Once the line containing "CUT_EXTRUDE_1_DEPTH = 74.159073258" is found in the entries below, restate it and each following line word for word, stopping after the line containing "Line((28.5, -61), (31.5, -61))".

Data for analysis below:

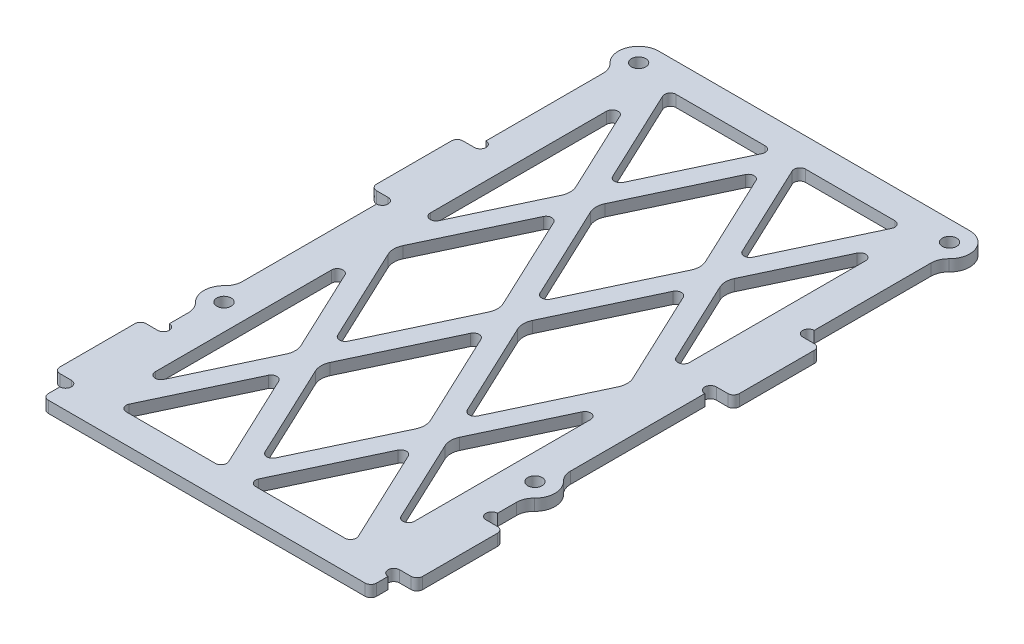
from build123d import *

# Parameters (mm, degrees)
SKETCH_1_R          = 1.25
EXTRUDE_1_DEPTH     = 2
SKETCH_2_R          = 1
SKETCH_2_W          = 45
SKETCH_2_H          = 95.5
CUT_EXTRUDE_1_DEPTH = 74.159073258
EXTRUDE_1_2_DEPTH   = 2
FILLET_1_R          = 1
FILLET_2_R          = 1
FILLET_3_R          = 3


with BuildPart() as part:
    # 草图1 → Extrude 1 (new body)
    with BuildSketch(Plane(origin=(0, 0, 0), x_dir=(1, 0, 0), z_dir=(0, 1, 0))):
        with BuildLine():
            Line((-28.5, 31.30958424), (-28.5, 9))
            Line((-28.5, 9), (-31.5, 9))
            Line((-31.5, 9), (-31.5, -6))
            Line((-31.5, -6), (-28.5, -6))
            Line((-28.5, -6), (-28.5, -31.30958424))
            ThreePointArc((-28.5, -31.30958424), (-28.740401367, -32.486281051), (-29.423076923, -33.474391514))
            ThreePointArc((-29.423076923, -33.474391514), (-30.5, -36), (-29.423076923, -38.525608486))
            ThreePointArc((-29.423076923, -38.525608486), (-28.740401367, -39.513718949), (-28.5, -40.69041576))
            Line((-28.5, -40.69041576), (-28.5, -46))
            Line((-28.5, -46), (-31.5, -46))
            Line((-31.5, -46), (-31.5, -61))
            Line((-31.5, -61), (-28.5, -61))
            Line((-28.5, -61), (-28.5, -66))
            Line((-28.5, -66), (28.5, -66))
            Line((28.5, -66), (28.5, -61))
            Line((28.5, -61), (31.5, -61))
            Line((31.5, -61), (31.5, -46))
            Line((31.5, -46), (28.5, -46))
            Line((28.5, -46), (28.5, -40.69041576))
            ThreePointArc((28.5, -40.69041576), (28.740401367, -39.513718949), (29.423076923, -38.525608486))
            ThreePointArc((29.423076923, -38.525608486), (30.5, -36), (29.423076923, -33.474391514))
            ThreePointArc((29.423076923, -33.474391514), (28.740401367, -32.486281051), (28.5, -31.30958424))
            Line((28.5, -31.30958424), (28.5, -6))
            Line((28.5, -6), (31.5, -6))
            Line((31.5, -6), (31.5, 9))
            Line((31.5, 9), (28.5, 9))
            Line((28.5, 9), (28.5, 31.30958424))
            ThreePointArc((28.5, 31.30958424), (28.740401367, 32.486281051), (29.423076923, 33.474391514))
            ThreePointArc((29.423076923, 33.474391514), (30.247278068, 37.305827381), (27, 39.5))
            Line((27, 39.5), (-27, 39.5))
            ThreePointArc((-27, 39.5), (-30.247278068, 37.305827381), (-29.423076923, 33.474391514))
            ThreePointArc((-29.423076923, 33.474391514), (-28.740401367, 32.486281051), (-28.5, 31.30958424))
        make_face()
        with Locations(Location((-27, 36, 0), (0, 0, 270))):
            Circle(SKETCH_1_R, mode=Mode.SUBTRACT)
        with Locations(Location((-27, -36, 0), (0, 0, 90))):
            Circle(SKETCH_1_R, mode=Mode.SUBTRACT)
        with Locations(Location((27, 36, 0), (0, 0, 90))):
            Circle(SKETCH_1_R, mode=Mode.SUBTRACT)
        with Locations(Location((27, -36, 0), (0, 0, 270))):
            Circle(SKETCH_1_R, mode=Mode.SUBTRACT)
    extrude(amount=EXTRUDE_1_DEPTH)

    # 草图2 → 切除-拉伸1 (cut, through all)
    with BuildSketch(Plane(origin=(0, 2, 0), x_dir=(1, 0, 0), z_dir=(0, 1, 0))):
        with Locations((-28.5, -45)):
            Circle(SKETCH_2_R)
        with Locations((-28.5, -62)):
            Circle(SKETCH_2_R)
        with Locations((28.5, -62)):
            Circle(SKETCH_2_R)
        with Locations((28.5, -45)):
            Circle(SKETCH_2_R)
        with Locations((-28.5, 10)):
            Circle(SKETCH_2_R)
        with Locations((-28.5, -7)):
            Circle(SKETCH_2_R)
        with Locations((28.5, -7)):
            Circle(SKETCH_2_R)
        with Locations((28.5, 10)):
            Circle(SKETCH_2_R)
        with Locations((0, -13.25)):
            Rectangle(SKETCH_2_W, SKETCH_2_H)
    extrude(amount=-CUT_EXTRUDE_1_DEPTH, mode=Mode.SUBTRACT)

    # 草图3 → Extrude 1 2 (add)
    # profile 1 of 3: a face of its own
    with BuildSketch(Plane(origin=(0, 2, 0), x_dir=(1, 0, 0), z_dir=(0, 1, 0))):
        Polygon((-24.083056856, 33.754056979), (20.916943144, -61.745943021), (24.083056856, -60.254056979), (-20.916943144, 35.245943021), align=None)
    # profile 2 of 3: a face of its own
    with BuildSketch(Plane(origin=(0, 2, 0), x_dir=(1, 0, 0), z_dir=(0, 1, 0))):
        Polygon((-20.916943144, -61.745943021), (24.083056856, 33.754056979), (20.916943144, 35.245943021), (-24.083056856, -60.254056979), align=None)
    # profile 3 of 3: a face of its own
    with BuildSketch(Plane(origin=(0, 2, 0), x_dir=(1, 0, 0), z_dir=(0, 1, 0))):
        Polygon((0, 38.60554146), (-24.434548332, -13.25), (0, -65.10554146), (24.434548332, -13.25), align=None)
        Polygon((0, 30.39445854), (-20.565451668, -13.25), (0, -56.89445854), (20.565451668, -13.25), align=None, mode=Mode.SUBTRACT)
    extrude(amount=-EXTRUDE_1_2_DEPTH)

    # 圆角1
    fillet_1_edges = [part.edges().sort_by_distance(p)[0] for p in [
        (31.5, 1, -9),
        (31.5, 1, 6),
        (31.5, 1, 46),
        (31.5, 1, 61),
        (28.5, 1, 66),
        (-28.5, 1, 66),
        (-31.5, 1, 61),
        (-31.5, 1, 46),
        (-31.5, 1, 6),
        (-31.5, 1, -9),
    ]]
    fillet(fillet_1_edges, radius=FILLET_1_R)

    # 圆角2
    fillet_2_edges = [part.edges().sort_by_distance(p)[0] for p in [
        (-1.934548332, 1, 61),
        (1.934548332, 1, 61),
        (-20.565451668, 1, 61),
        (20.565451668, 1, 61),
        (22.5, 1, 17.35554146),
        (22.5, 1, 9.14445854),
        (22.5, 1, -30.39445854),
        (22.5, 1, 56.89445854),
        (-1.934548332, 1, -34.5),
        (1.934548332, 1, -34.5),
        (20.565451668, 1, -34.5),
        (-20.565451668, 1, -34.5),
        (-22.5, 1, 17.35554146),
        (-22.5, 1, 9.14445854),
        (-22.5, 1, 56.89445854),
        (-22.5, 1, -30.39445854),
        (-11.25, 1, -14.73054146),
        (11.25, 1, -14.73054146),
        (11.25, 1, 41.23054146),
        (-11.25, 1, 41.23054146),
        (-11.25, 1, -6.51945854),
        (0, 1, -30.39445854),
        (11.25, 1, 33.01945854),
        (0, 1, 9.14445854),
        (11.25, 1, -6.51945854),
        (0, 1, 17.35554146),
        (-11.25, 1, 33.01945854),
        (0, 1, 56.89445854),
    ]]
    fillet(fillet_2_edges, radius=FILLET_2_R)

    # 圆角3
    fillet_3_edges = [part.edges().sort_by_distance(p)[0] for p in [
        (-13.184548332, 1, 37.125),
        (-13.184548332, 1, -10.625),
        (13.184548332, 1, 37.125),
        (13.184548332, 1, -10.625),
        (-1.934548332, 1, 13.25),
        (9.315451668, 1, 37.125),
        (1.934548332, 1, 13.25),
        (9.315451668, 1, -10.625),
        (20.565451668, 1, 13.25),
        (-9.315451668, 1, -10.625),
        (-9.315451668, 1, 37.125),
        (-20.565451668, 1, 13.25),
    ]]
    fillet(fillet_3_edges, radius=FILLET_3_R)


solid = part.part

End of Data for analysis.

▶ _Result below_
CUT_EXTRUDE_1_DEPTH = 74.159073258
EXTRUDE_1_2_DEPTH   = 2
FILLET_1_R          = 1
FILLET_2_R          = 1
FILLET_3_R          = 3


with BuildPart() as part:
    # 草图1 → Extrude 1 (new body)
    with BuildSketch(Plane(origin=(0, 0, 0), x_dir=(1, 0, 0), z_dir=(0, 1, 0))):
        with BuildLine():
            Line((-28.5, 31.30958424), (-28.5, 9))
            Line((-28.5, 9), (-31.5, 9))
            Line((-31.5, 9), (-31.5, -6))
            Line((-31.5, -6), (-28.5, -6))
            Line((-28.5, -6), (-28.5, -31.30958424))
            ThreePointArc((-28.5, -31.30958424), (-28.740401367, -32.486281051), (-29.423076923, -33.474391514))
            ThreePointArc((-29.423076923, -33.474391514), (-30.5, -36), (-29.423076923, -38.525608486))
            ThreePointArc((-29.423076923, -38.525608486), (-28.740401367, -39.513718949), (-28.5, -40.69041576))
            Line((-28.5, -40.69041576), (-28.5, -46))
            Line((-28.5, -46), (-31.5, -46))
            Line((-31.5, -46), (-31.5, -61))
            Line((-31.5, -61), (-28.5, -61))
            Line((-28.5, -61), (-28.5, -66))
            Line((-28.5, -66), (28.5, -66))
            Line((28.5, -66), (28.5, -61))
            Line((28.5, -61), (31.5, -61))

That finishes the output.